I am an Assistant Research Fellow at the School of Journalism & Communication at the Nanjing University. I received my PhD in Communication from City University of Hong Kong in 2014, where I was also a research member in the Web Mining lab. My primary areas of research include informaiton diffusion, social movement, and attention networks.
The Collective Direction of Attention Diffusion
Scientific Reports, 2016. Accepted.
Co-authored with Lingfei Wu, Jiang Zhang, and Marco Janssen.
Link | Expand abstract »
We find that the flow of attention on the Web forms a directed, tree-like structure implying the time- sensitive browsing behavior of users. Using the data of a news sharing website, we construct clickstream networks in which nodes are news stories and edges represent the consecutive clicks between two stories. To identify the flow direction of clickstreams, we define the "flow distance" of nodes (Li), which measures the average number of steps a random walker takes to reach the ith node. It is observed that Li is related with the clicks (Ci) to news stories and the age (Ti) of stories. Putting these three variables together help us understand the rise and decay of news stories from a network perspective. We also find that the studied clickstream networks preserve a stable structure over time, leading to the scaling between users and clicks. The universal scaling behavior is confirmed by the collected 1,000 Web forums. We suggest that the tree-like, stable structure of clickstream networks reveals the time-sensitive preference of users in online browsing. To test our assumption, we discuss three models on individual browsing behavior, and compare the simulation results with empirical data.
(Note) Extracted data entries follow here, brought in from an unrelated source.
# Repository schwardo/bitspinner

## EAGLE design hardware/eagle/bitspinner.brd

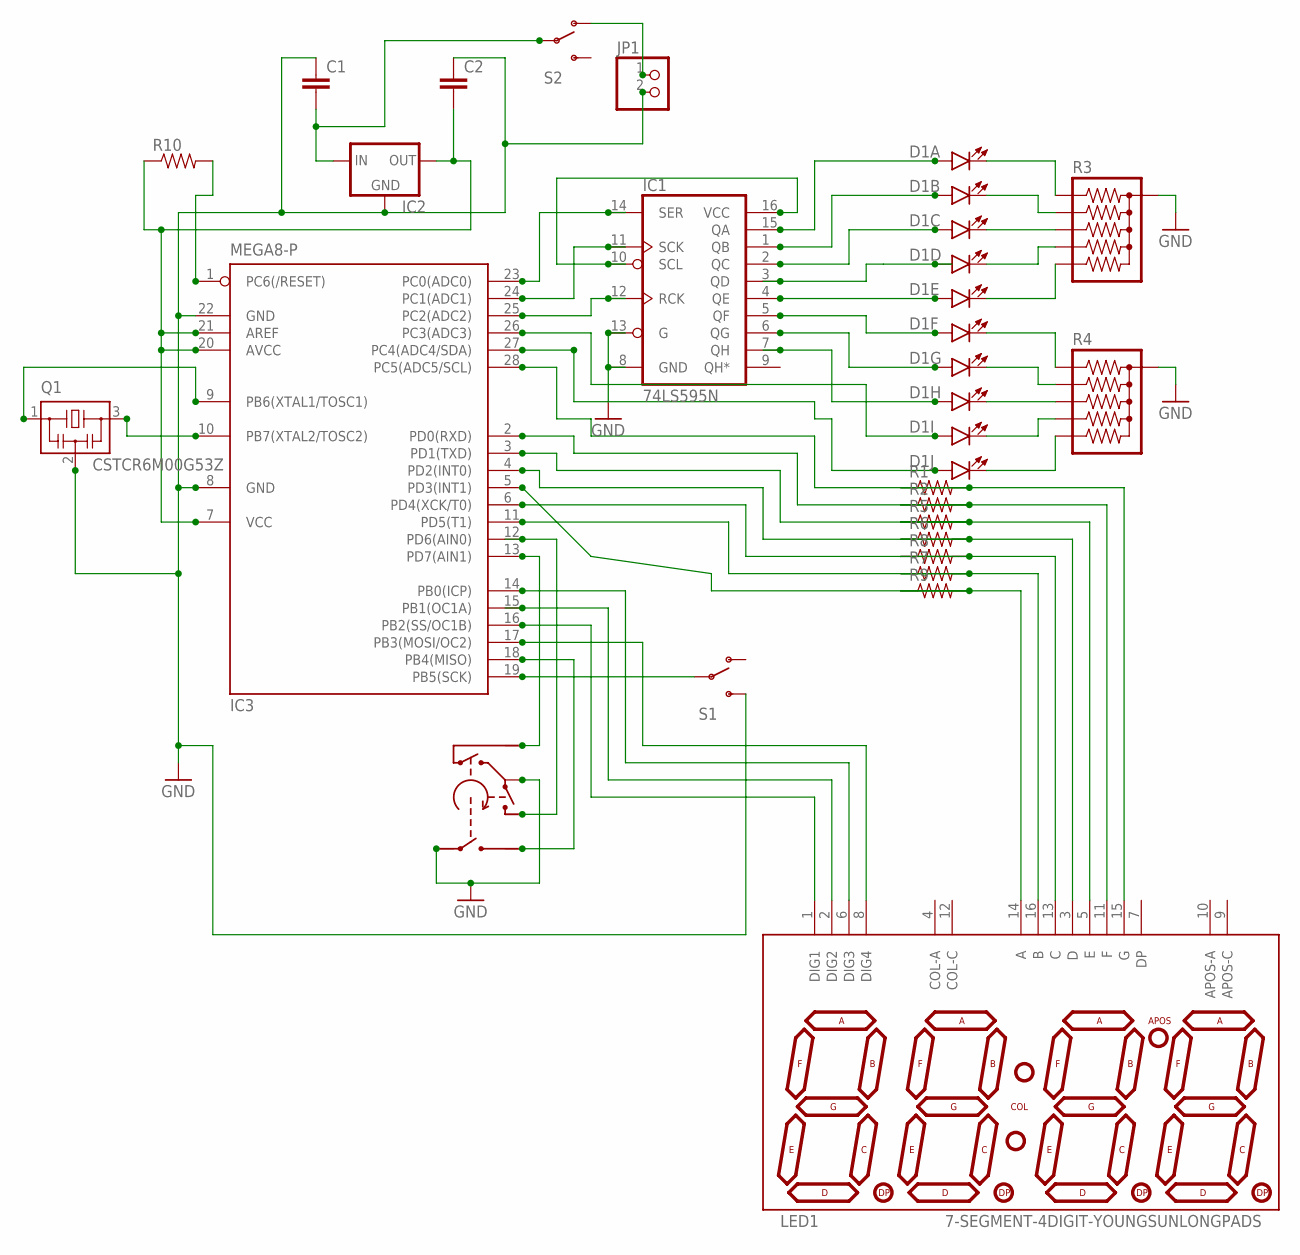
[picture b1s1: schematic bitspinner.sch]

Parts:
C1, C2: CAPPTH; CAP-PTH-SMALL
D1: LED_BARGRAPH_10; LED_BARGAPH_10
IC1: 74LS595N; DIL16
IC2: V_REG_78XXSIDE; 78XXL
IC3: MEGA8-P; DIL28-3
JP1: PINHD-1X2; 1X02
LED1: 7-SEGMENT-4DIGIT-YOUNGSUNLONGPADS; 7-SEGMENT-4DIGIT-YOUNGSUN-LONGPADS
Q1: CSTCR6M00G53Z; CSTCR6M
R1, R2, R5, R6, R7, R8, R9, R10: RESISTORAXIAL-0.3; AXIAL-0.3
R3, R4: RPACK-BUSSED-SIP-PTH-5; RPACK-SIP-PTH-5
S1, S2: SWITCH-SPSTPTH; SWITCH-SPDT
U$1: ALPHA-ROT-ENCODER; TW-700198

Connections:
GND: C1.1, C2.1, IC1.8 (GND), IC1.13 (G), IC2.GND, IC3.8 (GND), IC3.22 (GND), JP1.2, Q1.2, R3.P$1 (1), R4.P$1 (1), S1.3 (S), U$1.P2 (COM), U$1.P4 (S1)
unnamed: D1.20 (C), R3.P$2 (2)
unnamed: D1.19 (C), R3.P$3 (3)
unnamed: D1.18 (C), R3.P$4 (4)
unnamed: D1.17 (C), R3.P$5 (5)
unnamed: D1.16 (C), R3.P$6 (6)
unnamed: D1.1 (A), IC1.15 (QA)
unnamed: D1.15 (C), R4.P$2 (2)
unnamed: D1.11 (C), R4.P$6 (6)
unnamed: D1.13 (C), R4.P$4 (4)
unnamed: D1.4 (A), IC1.3 (QD)
unnamed: D1.2 (A), IC1.1 (QB)
unnamed: D1.3 (A), IC1.2 (QC)
unnamed: IC1.10 (SCL), IC1.16 (VCC)
unnamed: D1.5 (A), IC1.4 (QE)
unnamed: IC1.14 (SER), IC3.23 (PC0(ADC0))
unnamed: D1.14 (C), R4.P$3 (3)
unnamed: D1.12 (C), R4.P$5 (5)
unnamed: D1.6 (A), IC1.5 (QF)
unnamed: D1.7 (A), IC1.6 (QG)
unnamed: D1.8 (A), IC1.7 (QH)
unnamed: IC1.11 (SCK), IC3.24 (PC1(ADC1))
unnamed: IC1.12 (RCK), IC3.25 (PC2(ADC2))
unnamed: C1.2, IC2.IN, S2.2
unnamed: IC3.28 (PC5(ADC5/SCL)), R1.P$2 (2)
unnamed: IC3.2 (PD0(RXD)), R2.P$2 (2)
unnamed: IC3.3 (PD1(TXD)), R5.P$2 (2)
unnamed: LED1.14 (A), R9.P$1 (1)
unnamed: LED1.16 (B), R7.P$1 (1)
unnamed: LED1.13 (C), R8.P$1 (1)
unnamed: LED1.3 (D), R6.P$1 (1)
unnamed: LED1.5 (E), R5.P$1 (1)
unnamed: LED1.11 (F), R2.P$1 (1)
unnamed: LED1.15 (G), R1.P$1 (1)
unnamed: IC3.4 (PD2(INT0)), R6.P$2 (2)
unnamed: IC3.6 (PD4(XCK/T0)), R8.P$2 (2)
unnamed: IC3.11 (PD5(T1)), R7.P$2 (2)
unnamed: IC3.5 (PD3(INT1)), R9.P$2 (2)
unnamed: IC3.16 (PB2(SS/OC1B)), LED1.1 (DIG1)
unnamed: IC3.19 (PB5(SCK)), S1.2
unnamed: JP1.1, S2.1 (O)
unnamed: D1.9 (A), IC3.26 (PC3(ADC3))
unnamed: D1.10 (A), IC3.27 (PC4(ADC4/SDA))
unnamed: IC3.18 (PB4(MISO)), U$1.P5 (S2)
unnamed: IC3.15 (PB1(OC1A)), LED1.2 (DIG2)
unnamed: IC3.14 (PB0(ICP)), LED1.6 (DIG3)
unnamed: IC3.17 (PB3(MOSI/OC2)), LED1.8 (DIG4)
unnamed: IC3.1 (PC6(/RESET)), R10.P$2 (2)
unnamed: IC3.12 (PD6(AIN0)), U$1.P1 (B)
unnamed: C2.2, IC2.OUT, IC3.7 (VCC), IC3.20 (AVCC), IC3.21 (AREF), R10.P$1 (1)
unnamed: IC3.9 (PB6(XTAL1/TOSC1)), Q1.1
unnamed: IC3.10 (PB7(XTAL2/TOSC2)), Q1.3
unnamed: IC3.13 (PD7(AIN1)), U$1.P3 (A)

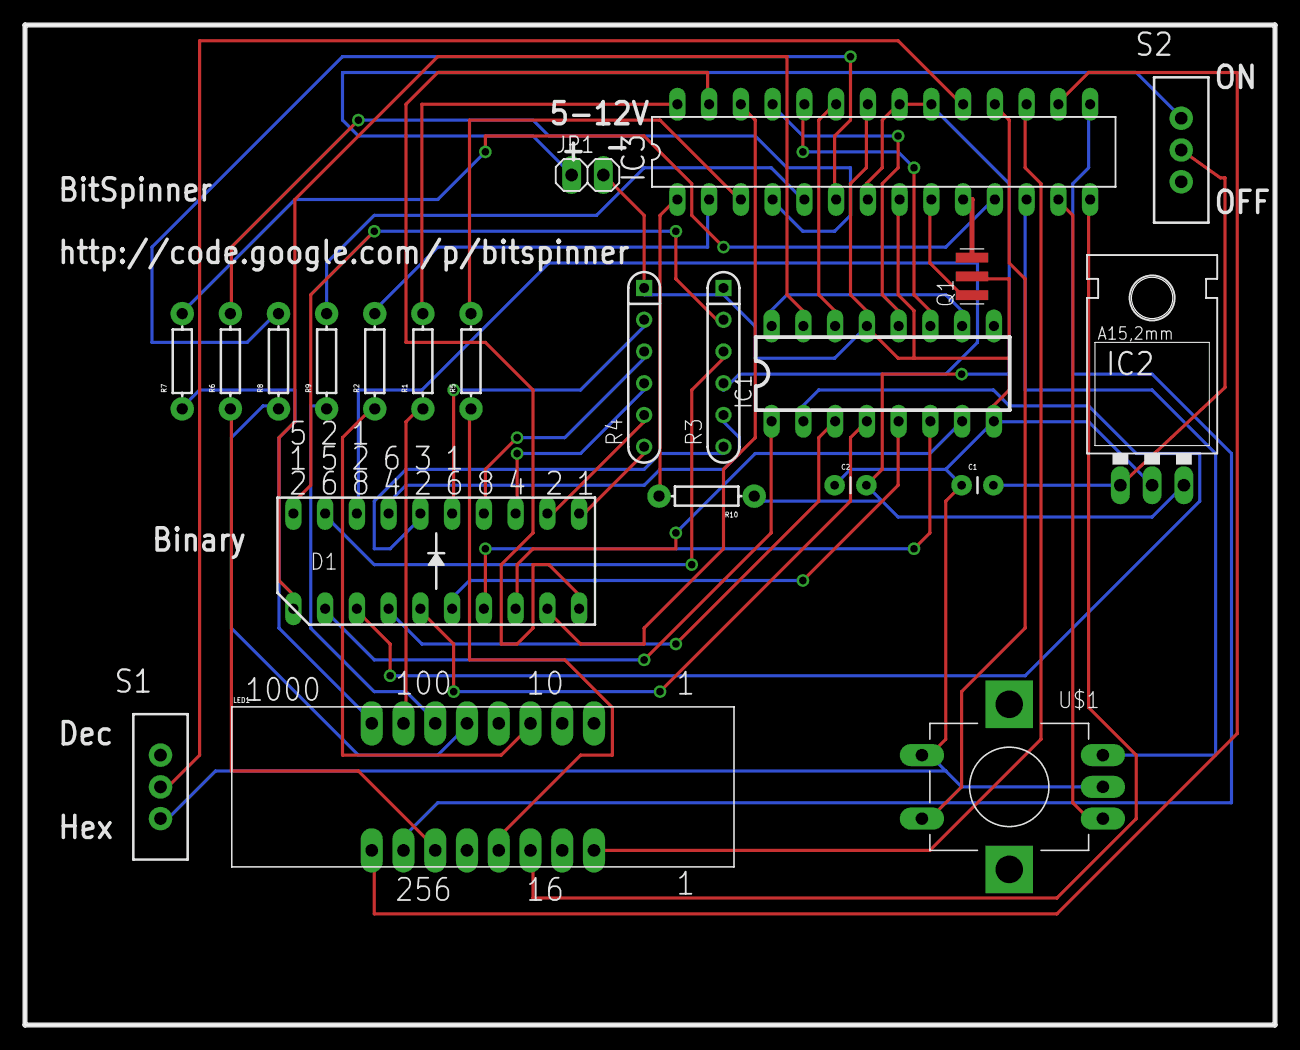
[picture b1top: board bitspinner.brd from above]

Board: 2 copper layers, 100.0 x 80.0 mm, 22 parts (0 on the bottom side), 53 nets.

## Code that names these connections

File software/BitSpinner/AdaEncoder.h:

// We use 4-character tabstops, so IN VIM:  <esc>:set ts=4
// ...that's: ESCAPE key, colon key, then "s-e-t SPACE key t-s-=-4"
/*
 AdaEncoder.h - A library for reading Lady Ada's or 
 Sparkfun's rotary encoder.
 Should work for any rotary encoder with 2 pins (4 states).

 Version 0.3 Thu Sep 22 20:11:31 CDT 2011
 	Updated to save the old value of the SREG prior to cli().
 Version 0.4 Sun Oct  9 12:09:17 CDT 2011
    Includes cppfix.h, so that we can use the new() operator with PinChangeInt-0.3 (and above).
 Version 0.5 Wed Feb 29 07:30:23 CST 2012
	Shipped without PinChangeInt, so we don't stomp on PinChangeInt if the user has both libraries.
	Includes the LIBCALL_PINCHANGEINT macro for work with PinChangeInt v1.70beta (and newer).
	Cleaned up some of the #includes.
	Included a copy of the gpl in the zip file, like a good citizen.  The file is gpl.txt.
*/

/*
  Copyright 2011 Michael Schwager (aka, "GreyGnome")

	This program is free software: you can redistribute it and/or modify
    it under the terms of the GNU General Public License as published by
    the Free Software Foundation, either version 3 of the License, or
    (at your option) any later version.

    This program is distributed in the hope that it will be useful,
    but WITHOUT ANY WARRANTY; without even the implied warranty of
    MERCHANTABILITY or FITNESS FOR A PARTICULAR PURPOSE.  See the
    GNU General Public License for more details.

    You should have received a copy of the GNU General Public License
    along with this program.  If not, see <http://www.gnu.org/licenses/>.

	Questions?  Send mail to mschwage@gmail.com

*/

/* Behavior goes like this:
 * 11 is the detent position for an encoder.  So the encoder will go through an order like this:
 *   11 <=> 01 <=> 00 <=> 10 <=> 11    OR    11 <=> 10 <=> 00 <=> 01 <=> 11
 * depending on direction.  The <=> represent a possible bounce situation.  Therefore, we keep track of the
 * encoder behavior in a binary number called (appropriately enough) encoder.  Encoder has 8 bits.
 * 
 * The process starts when we get an interrupt and read the encoder pins.
 * - Reading: 11 is either a bounce back to start, or the final reading:
 * 	- If encoder is currently xxxx0001, you have advanced CW.
 * 	- If encoder is currently xxxx0010, you have advanced CCW.
 *	- otherwise, you'd simply bounced.  No advance.
 *	- "encoder" is set to xxxx1111.
 * - Reading: 01 or 10:
 *	- If "encoder" is currently xxxx1111, set it to 1101 or 1110, appropriately.
 *	- If "encoder" is xxxx00xy, you'd either bounced or moved to the next position, which means we get closer to detent.  No effect.
 * - Reading: 00: we are in the middle.  AND encoder with xxxx0011
 */

#undef DEBUG

#ifndef AdaEncoder_h
#define AdaEncoder_h

#if defined(ARDUINO) && ARDUINO >= 100
  #include <Arduino.h>
#else
  #include <pins_arduino.h>
  #include <wiring.h>
#endif

//  The Pin map below is copyright by the Arduino people.  I include it here so I can remember stuff as I code.
// ATMEL ATMEGA8 & 168 / ARDUINO
// //
// //                  +-\/-+
// //            PC6  1|    |28  PC5 (AI 5)
// //      (D 0) PD0  2|    |27  PC4 (AI 4)
// //      (D 1) PD1  3|    |26  PC3 (AI 3)
// //      (D 2) PD2  4|    |25  PC2 (AI 2)
// // PWM+ (D 3) PD3  5|    |24  PC1 (AI 1)
// //      (D 4) PD4  6|    |23  PC0 (AI 0)
// //            VCC  7|    |22  GND
// //            GND  8|    |21  AREF
// //            PB6  9|    |20  AVCC
// //            PB7 10|    |19  PB5 (D 13)
// // PWM+ (D 5) PD5 11|    |18  PB4 (D 12)
// // PWM+ (D 6) PD6 12|    |17  PB3 (D 11) PWM
// //      (D 7) PD7 13|    |16  PB2 (D 10) PWM
// //      (D 8) PB0 14|    |15  PB1 (D 9) PWM
// //                  +----+
// 
// const static uint8_t A0 = 14;
// const static uint8_t A1 = 15;
// const static uint8_t A2 = 16;
// const static uint8_t A3 = 17;
// const static uint8_t A4 = 18;
// const static uint8_t A5 = 19;
// const static uint8_t A6 = 20;
// const static uint8_t A7 = 21;
//
// Macros to find pins:
// #define digitalPinToPort(P) ( pgm_read_byte( digital_pin_to_port_PGM + (P) ) )
// #define digitalPinToBitMask(P) ( pgm_read_byte( digital_pin_to_bit_mask_PGM + (P) ) )
// #define digitalPinToTimer(P) ( pgm_read_byte( digital_pin_to_timer_PGM + (P) ) )
// #define analogInPinToBit(P) (P)
// #define portOutputRegister(P) ( (volatile uint8_t *)( pgm_read_word( port_to_output_PGM + (P))) )
// #define portInputRegister(P) ( (volatile uint8_t *)( pgm_read_word( port_to_input_PGM + (P))) )
// #define portModeRegister(P) ( (volatile uint8_t *)( pgm_read_word( port_to_mode_PGM + (P))) )

static int count;

struct encoder {
    volatile uint8_t* port;

    uint8_t bitA;
    uint8_t bitB;

    uint8_t turning;    // Flag to keep track of turning state
    int8_t clicks;      // Counter to indicate cumulative clicks in either direction
    int8_t direction;   // indicator

    char id;

    encoder *next;
};

class AdaEncoder {
 public:

	static void debugMessage();

    /*
     * 
     */
	static encoder *getFirstEncoder();

    /* 
     * Add a new encoder 
     * Params :
     * pinA			CW pin  (Arduino pin number)
     * pinB			CCW pin
	 *
     */
	static void addEncoder(char id, uint8_t pinA, uint8_t pinB);

	static void attachInterrupt(uint8_t pinA, uint8_t pinB);

	static void encoderInterrupt();

	static void turnOffPWM(uint8_t timer);

	static encoder *genie();

	static encoder *genie(int8_t *clicks, char *id); // GEt Next Indicated Encoder - gets the next encoder with non-zero clicks

 private:

	AdaEncoder(); // prevents anyone from instantiating an object of this class

	static encoder *currentEncoder;

};

#endif	//AdaEncoder.h

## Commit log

2012-05-05 Initial version.
2012-05-05 Adding schematics and layout for rev1 of the board.
2012-05-05 Adding gerbers for rev1.
2012-05-06 Stop trying to PWM the last binary digits -- these output pins do not support PWM. Various other minor cleanups.
2012-05-06 Adding images.
2012-05-06 New image for resonator.
2012-05-06 Add regulator.
2012-05-06 Add encoder.
2012-05-06 Add box to encoder.
2012-05-26 Fix counter incrementing.
2015-03-14 Migrating wiki contents from Google Code

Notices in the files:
parts and their libraries:
SparkFun: Licensing: CC v3.0 Share-Alike You are welcome to use this library for commercial purposes.

Tracing the Attention of Moving Citizens
Scientific Reports, 2016. Accepted.
Co-authored with Lingfei Wu
Link | Online appendix | Expand abstract »
With the widespread use of mobile computing devices in contemporary society, our trajectories in the physical space and virtual world are increasingly closely connected. Using the anonymous smartphone data of $1 \times 10^5$ users in a major city of China, we study the interplay between online and offline human behaviors by constructing the mobility network (offline) and the attention network (online). Using the network renormalization technique, we find that they belong to two different classes: the mobility network is small-world, whereas the attention network is fractal. We then divide the city into different areas based on the features of the mobility network discovered under renormalization. Interestingly, this spatial division manifests the location-based online behaviors, for example shopping, dating, and taxi-requesting. Finally, we offer a geometric network model to help us understand the relationship between small-world and fractal networks.
The Scaling of Attention Networks
Physica A: Statistical Mechanics and its Applications, 2015, 12 (081).
Co-authored with Lingfei Wu
Link | Online appendix | Replication data | Expand abstract »
We use clicks as a proxy of collective attention and construct networks to study the temporal dynamics of attention. In particular we collect the browsing records of millions of users on 1000 Web forums in two months. In the constructed networks, nodes are threads and edges represent the switch of users between threads in an hour. The investigated network properties include the number of threads N, the number of users UV, and the number of clicks, PV. We find scaling functions PV∼UV^θ1, $PV∼N^θ3, and UV∼N^θ2, in which the scaling exponents are always greater than 1. This means that (1) the studied networks maintain a self-similar flow structure in time, i.e., large networks are simply the scale-up versions of small networks; and (2) large networks are more “productive”, in the sense that an average user would generate more clicks in the larger systems. We propose a revised version of Zipf’s law to quantify the time-invariant flow structure of attention networks and relate it to the observed scaling properties. We also demonstrate the applied consequences of our research: forum-classification based on scaling properties.